--- Dataset extract ---
[Start of Attachment]
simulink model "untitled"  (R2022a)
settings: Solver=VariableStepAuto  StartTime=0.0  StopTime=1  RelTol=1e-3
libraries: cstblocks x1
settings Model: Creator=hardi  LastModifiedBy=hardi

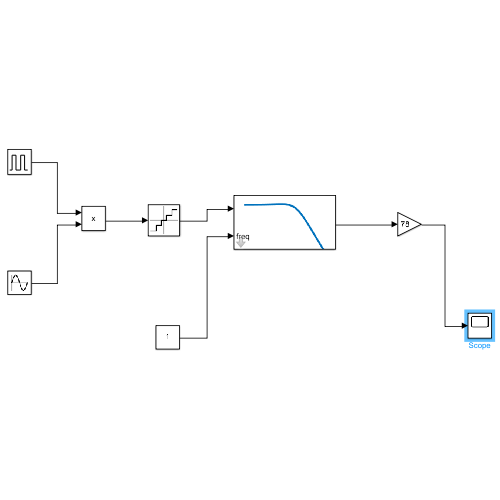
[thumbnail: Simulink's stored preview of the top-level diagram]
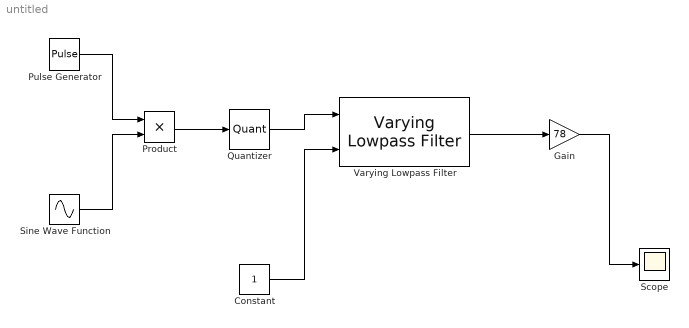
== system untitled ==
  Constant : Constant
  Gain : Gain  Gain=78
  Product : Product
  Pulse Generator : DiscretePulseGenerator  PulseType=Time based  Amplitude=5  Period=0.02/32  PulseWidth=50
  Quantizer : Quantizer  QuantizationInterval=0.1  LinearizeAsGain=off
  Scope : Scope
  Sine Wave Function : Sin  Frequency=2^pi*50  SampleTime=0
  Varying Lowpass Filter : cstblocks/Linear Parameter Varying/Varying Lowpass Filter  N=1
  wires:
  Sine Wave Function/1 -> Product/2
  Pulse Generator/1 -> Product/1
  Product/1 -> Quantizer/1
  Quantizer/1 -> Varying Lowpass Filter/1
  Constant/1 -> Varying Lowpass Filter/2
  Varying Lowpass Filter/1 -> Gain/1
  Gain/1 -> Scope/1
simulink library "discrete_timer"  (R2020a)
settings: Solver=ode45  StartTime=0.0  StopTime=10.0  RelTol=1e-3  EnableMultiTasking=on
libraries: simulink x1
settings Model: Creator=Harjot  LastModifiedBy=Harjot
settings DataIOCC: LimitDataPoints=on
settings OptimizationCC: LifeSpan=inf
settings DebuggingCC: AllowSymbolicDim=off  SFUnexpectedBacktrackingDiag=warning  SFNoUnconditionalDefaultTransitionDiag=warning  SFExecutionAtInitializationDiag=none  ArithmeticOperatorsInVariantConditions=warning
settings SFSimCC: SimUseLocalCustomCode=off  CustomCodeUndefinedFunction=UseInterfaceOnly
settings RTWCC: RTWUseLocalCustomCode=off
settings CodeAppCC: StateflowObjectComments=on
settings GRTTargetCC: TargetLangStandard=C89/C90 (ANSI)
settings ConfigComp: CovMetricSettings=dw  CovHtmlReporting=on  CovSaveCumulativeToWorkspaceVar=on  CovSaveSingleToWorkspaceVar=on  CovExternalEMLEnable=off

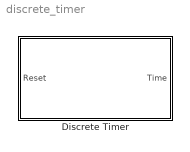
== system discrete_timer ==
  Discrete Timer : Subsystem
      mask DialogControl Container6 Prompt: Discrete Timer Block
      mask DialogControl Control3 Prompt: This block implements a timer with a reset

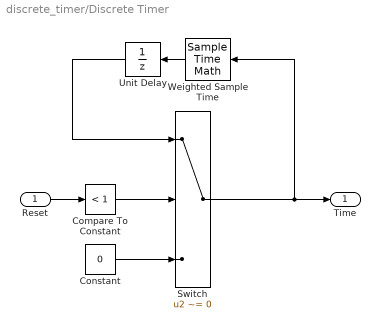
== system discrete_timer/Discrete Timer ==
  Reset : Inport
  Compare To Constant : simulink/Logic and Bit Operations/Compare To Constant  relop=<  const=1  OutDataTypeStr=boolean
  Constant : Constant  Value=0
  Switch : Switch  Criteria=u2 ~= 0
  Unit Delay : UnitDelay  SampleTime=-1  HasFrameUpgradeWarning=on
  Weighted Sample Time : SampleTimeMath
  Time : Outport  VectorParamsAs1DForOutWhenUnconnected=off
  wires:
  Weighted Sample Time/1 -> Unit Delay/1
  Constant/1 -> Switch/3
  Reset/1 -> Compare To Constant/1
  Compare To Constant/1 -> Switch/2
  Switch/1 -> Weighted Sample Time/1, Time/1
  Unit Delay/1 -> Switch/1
[End of Attachment]
Give only the number of lines in the data that hold the string "Pulse".

--- Output ---
2